Identification of pore size in porou(精选3篇)

Identification of pore size in porous materials: A review of characterization techniques

篇一：Identification of pore size in porous materials: A review of characterization techniques

Introduction:

Porous materials play a crucial role in various fields, including catalysis, filtration, and energy storage. The pore size distribution and pore structure of these materials greatly influence their performance and properties. Therefore, accurate identification and characterization of pore size are essential for understanding the behavior and optimizing the design of porous materials. In this article, we will review various techniques used for the identification of pore size in porous materials.

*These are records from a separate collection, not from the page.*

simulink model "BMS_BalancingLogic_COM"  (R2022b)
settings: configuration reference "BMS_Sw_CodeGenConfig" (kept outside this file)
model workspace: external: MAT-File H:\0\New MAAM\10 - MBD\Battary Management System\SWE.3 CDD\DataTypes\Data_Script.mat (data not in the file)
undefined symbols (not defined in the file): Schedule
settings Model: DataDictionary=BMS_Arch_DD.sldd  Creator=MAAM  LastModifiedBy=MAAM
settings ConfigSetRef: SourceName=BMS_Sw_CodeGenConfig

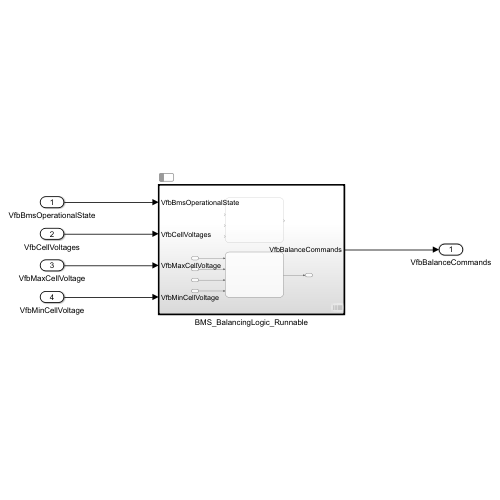
[thumbnail: Simulink's stored preview of the top-level diagram]
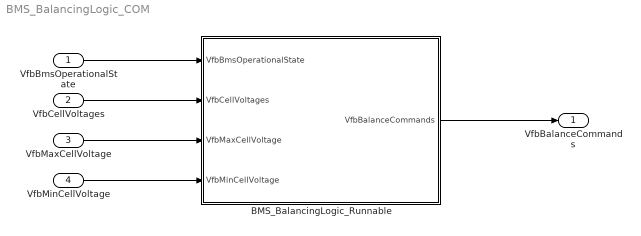
== system BMS_BalancingLogic_COM ==
  VfbBmsOperationalState : Inport
  VfbCellVoltages : Inport  Port=2
  VfbMaxCellVoltage : Inport  Port=3
  VfbMinCellVoltage : Inport  Port=4
  BMS_BalancingLogic_Runnable : Subsystem  Tag=BMS_BalancingLogic_Task  Priority=2  TreatAsAtomicUnit=on  ScheduleAs=Periodic partition  PartitionName=BMS_BalancingLogic_Task  SystemSampleTime=Schedule.BMS_BalancingLogic_Task
      settings: RTWSystemCode=Nonreusable function  RTWFcnNameOpts=Use subsystem name  RTWFileNameOpts=Use subsystem name  FunctionInterfaceSpec=Allow arguments (Optimized)
  VfbBalanceCommands : Outport
  wires:
  VfbBmsOperationalState/1 -> BMS_BalancingLogic_Runnable/1(VfbBmsOperationalState)
  VfbCellVoltages/1 -> BMS_BalancingLogic_Runnable/2(VfbCellVoltages)
  VfbMaxCellVoltage/1 -> BMS_BalancingLogic_Runnable/3(VfbMaxCellVoltage)
  VfbMinCellVoltage/1 -> BMS_BalancingLogic_Runnable/4(VfbMinCellVoltage)
  BMS_BalancingLogic_Runnable/1(VfbBalanceCommands) -> VfbBalanceCommands/1

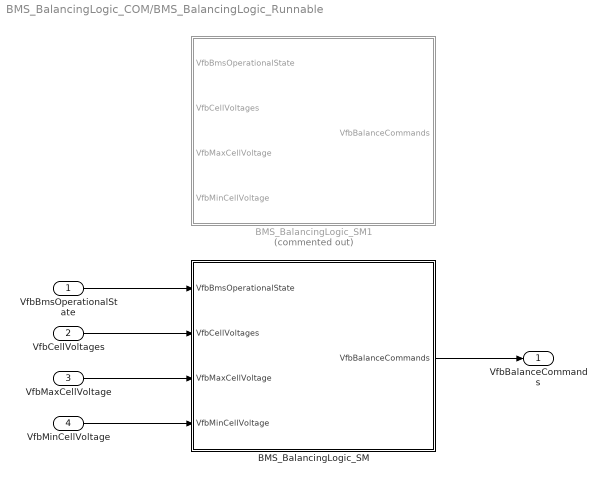
== system BMS_BalancingLogic_COM/BMS_BalancingLogic_Runnable ==
  VfbBmsOperationalState : Inport  OutDataTypeStr=Enum: BMS_State_Enum  PortDimensions=1
  VfbCellVoltages : Inport  Port=2
  VfbMaxCellVoltage : Inport  Port=3
  VfbMinCellVoltage : Inport  Port=4
  BMS_BalancingLogic_SM : Stateflow chart  TreatAsAtomicUnit=on
  BMS_BalancingLogic_SM1 : Stateflow chart  Commented=on  TreatAsAtomicUnit=on
  VfbBalanceCommands : Outport
  wires:
  VfbCellVoltages/1 -> BMS_BalancingLogic_SM/2(VfbCellVoltages)
  VfbMinCellVoltage/1 -> BMS_BalancingLogic_SM/4(VfbMinCellVoltage)
  BMS_BalancingLogic_SM/1(VfbBalanceCommands) -> VfbBalanceCommands/1
  VfbBmsOperationalState/1 -> BMS_BalancingLogic_SM/1(VfbBmsOperationalState)
  VfbMaxCellVoltage/1 -> BMS_BalancingLogic_SM/3(VfbMaxCellVoltage)

== stateflow chart BMS_BalancingLogic_COM/BMS_BalancingLogic_Runnable/BMS_BalancingLogic_SM ==
  state out  = ActivateBalancing(MAX, MIN, THR) [function]
    (default) -> (junction 25)
    (junction 25) -> (junction 26) [order 1] : [ (MAX - MIN) >= (THR - 1e-5) ]
    (junction 25) -> (junction 27) [order 2] : {out = false;}
    (junction 26) -> (junction 28) : {out = true;}
    (junction 28) -> (junction 27)
    (junction 27) -> (junction 29)
  state Balancing_Test [parallel]
    en, du:
    BalancingFlag = ActivateBalancing(VfbMaxCellVoltage, VfbMinCellVoltage, BalancingThreshold(state));
    settings: executionOrder=1
  state Balancing_Logic [parallel]
    settings: executionOrder=2
    state SW_Off
      en:
      VfbBalanceCommands(:,:) = false;
      state = 1;
    state Super
      state BalancingNotActive
        en:
        state = 1;
      state BalancingIsActive
        en, du:
        state = 2;
        VfbBalanceCommands(:,:) = boolean( (VfbCellVoltages - VfbMinCellVoltage)  > BalancingThreshold(state) );
        ex:
        VfbBalanceCommands(:,:) = false;
      (default) -> BalancingNotActive
      BalancingIsActive -> BalancingNotActive : [~BalancingFlag]
      BalancingNotActive -> BalancingIsActive [order 1] : [BalancingFlag]
    (default) -> SW_Off
    Super -> SW_Off : [VfbBmsOperationalState ~= BMS_State_Enum.BMS_Balancing]
    SW_Off -> Super : [BalancingFlag && ...
        | after(BalancingOffWait, sec)]
    BalancingNotActive -> SW_Off [order 2] : [after(BalancingOnWait, sec)]
  data: MAX function_input single size=1; out function_output boolean size=1; MIN function_input single size=1; THR function_input; VfbBmsOperationalState input Enum: BMS_State_Enum size=1; VfbCellVoltages input single size=BATT.Package.Ns_Module*BATT.Package.NumModules; VfbMaxCellVoltage input single size=1; VfbMinCellVoltage input single size=1; VfbBalanceCommands output boolean size=BATT.Package.Ns_Module*BATT.Package.NumModules =boolean(zeros(1,BATT.Package.Ns_Module*BATT.Package.NumModules))'; BalancingOffWait constant uint8 size=1 =BATT.Balancing.BalWaitOff; BalancingOnWait constant uint8 size=1 =BATT.Balancing.BalWaitOn; BalancingFlag local boolean size=1 =true; state local =1; BalancingThreshold constant single size=[1 2] =[BATT.Balancing.ThresholdOn , BATT.Balancing.ThresholdOff]

== stateflow chart BMS_BalancingLogic_COM/BMS_BalancingLogic_Runnable/BMS_BalancingLogic_SM1 ==
  state SW_Off
    en:
    VfbBalanceCommands(:,:) = false;
    du:
    BalancingFlag = ActivateBalancing(VfbMaxCellVoltage, VfbMinCellVoltage, BalancingThreshold_ON);
  state out  = ActivateBalancing(MAX, MIN, THR) [function]
    (default) -> (junction 25)
    (junction 25) -> (junction 26) [order 1] : [ (MAX - MIN) >= (THR - 1e-5) ]
    (junction 25) -> (junction 27) [order 2] : {out = false;}
    (junction 26) -> (junction 28) : {out = true;}
    (junction 28) -> (junction 27)
    (junction 27) -> (junction 29)
  state Super
    state BalancingNotActive
      en, du:
      BalancingFlag = ActivateBalancing(VfbMaxCellVoltage, VfbMinCellVoltage, BalancingThreshold_ON);
    state BalancingIsActive
      en, du:
      BalancingFlag = ActivateBalancing( ...
      VfbMaxCellVoltage, VfbMinCellVoltage, BalancingThreshold_OFF);
      ex:
      VfbBalanceCommands(:,:) = false;
      state BalancingActiveMode
        state SW1_On
          en:
          VfbBalanceCommands(1) = true;
          ex:
          VfbBalanceCommands(1) = false;
          step = 1;
        state SW_Wait
        state SW2_On
          en:
          VfbBalanceCommands(2) = true;
          ex:
          VfbBalanceCommands(2) = false;
          step = 2;
        (default) -> SW1_On
        SW_Wait -> SW1_On [order 1] : after((0.5-Don)/Freq, sec)[step >= 2]
        SW1_On -> SW_Wait : after(Don/Freq - 0.0001, sec)
        SW_Wait -> SW2_On [order 2] : after((0.5-Don)/Freq, sec)[step <= 1]
        SW2_On -> SW_Wait : after(Don/Freq - 0.0001, sec)
      state BalancingPassiveMode
        en, du:
        VfbBalanceCommands(:,:) = boolean( ...
        (VfbCellVoltages - VfbMinCellVoltage) > BalancingThreshold_OFF);
      (default) -> (junction 113)
      (junction 113) -> BalancingActiveMode [order 1] : [BalancingMode]
      (junction 113) -> BalancingPassiveMode [order 2]
    (default) -> BalancingNotActive
    BalancingIsActive -> BalancingNotActive : [~BalancingFlag]
    BalancingNotActive -> BalancingIsActive [order 1] : [BalancingFlag]
  (default) -> SW_Off
  Super -> SW_Off : [VfbBmsOperationalState == BMS_State_Enum.BMS_Driving || ...
      | VfbBmsOperationalState == BMS_State_Enum.BMS_Fault]
  SW_Off -> Super : [BalancingFlag && ...
      | after(BalancingOffWait, sec)]
  BalancingNotActive -> SW_Off [order 2] : [after(BalancingOnWait, sec)]
  data: MAX function_input single size=1; out function_output boolean size=1; MIN function_input single size=1; THR function_input; VfbBmsOperationalState input Enum: BMS_State_Enum size=1; VfbCellVoltages input single size=BATT.Package.Ns_Module*BATT.Package.NumModules; VfbMaxCellVoltage input single size=1; VfbMinCellVoltage input single size=1; VfbBalanceCommands output boolean size=BATT.Package.Ns_Module*BATT.Package.NumModules =boolean(zeros(1,BATT.Package.Ns_Module*BATT.Package.NumModules))'; Don constant single size=1 =BATT.Balancing.Duty; Freq constant single size=1 =BATT.Balancing.Freq; BalancingThreshold_ON constant single size=1 =BATT.Balancing.ThresholdOn; step local single size=1 =single(1); BalancingOffWait constant uint8 size=1 =BATT.Balancing.BalWaitOff; BalancingOnWait constant uint8 size=1 =BATT.Balancing.BalWaitOn; BalancingFlag local boolean size=1 =true; BalancingMode constant boolean size=1 =BATT.Balancing.Mode; BalancingThreshold_OFF constant single size=1 =BATT.Balancing.ThresholdOff

1. Mercury intrusion porosimetry:

Mercury intrusion porosimetry (MIP) is a widely used technique for pore size characterization. It involves the intrusion of mercury into the pores under controlled pressure. By measuring the volume of mercury intruded at different pressures, the pore size distribution can be determined. MIP has a wide measurement range, typically from nanometers to micrometers, making it suitable for a variety of porous materials.

2. Gas adsorption:

Gas adsorption techniques, such as nitrogen or argon adsorption, are commonly used to determine the pore size distribution in porous materials. The adsorption isotherms obtained at different temperatures and pressures provide valuable information about the pore size and surface area. The Brunauer-Emmett-Teller (BET) theory is often applied to analyze the data and calculate the specific surface area and pore size distribution.

3. Scanning electron microscopy (SEM):

SEM is a powerful imaging technique that can provide valuable information about the morphology and pore structure of porous materials. By capturing high-resolution images of the material's surface, SEM can help identify the pore size and pore shape. Combined with image analysis software, SEM can quantify the pore size distribution and provide insights into the connectivity and arrangement of pores.

4. X-ray diffraction (XRD):

XRD is commonly used to determine the crystalline structure and phase composition of materials. In the case of porous materials, XRD can provide information about the pore size indirectly. By analyzing the broadening of diffraction peaks, which is related to the size of coherent scattering domains, the average pore size can be estimated.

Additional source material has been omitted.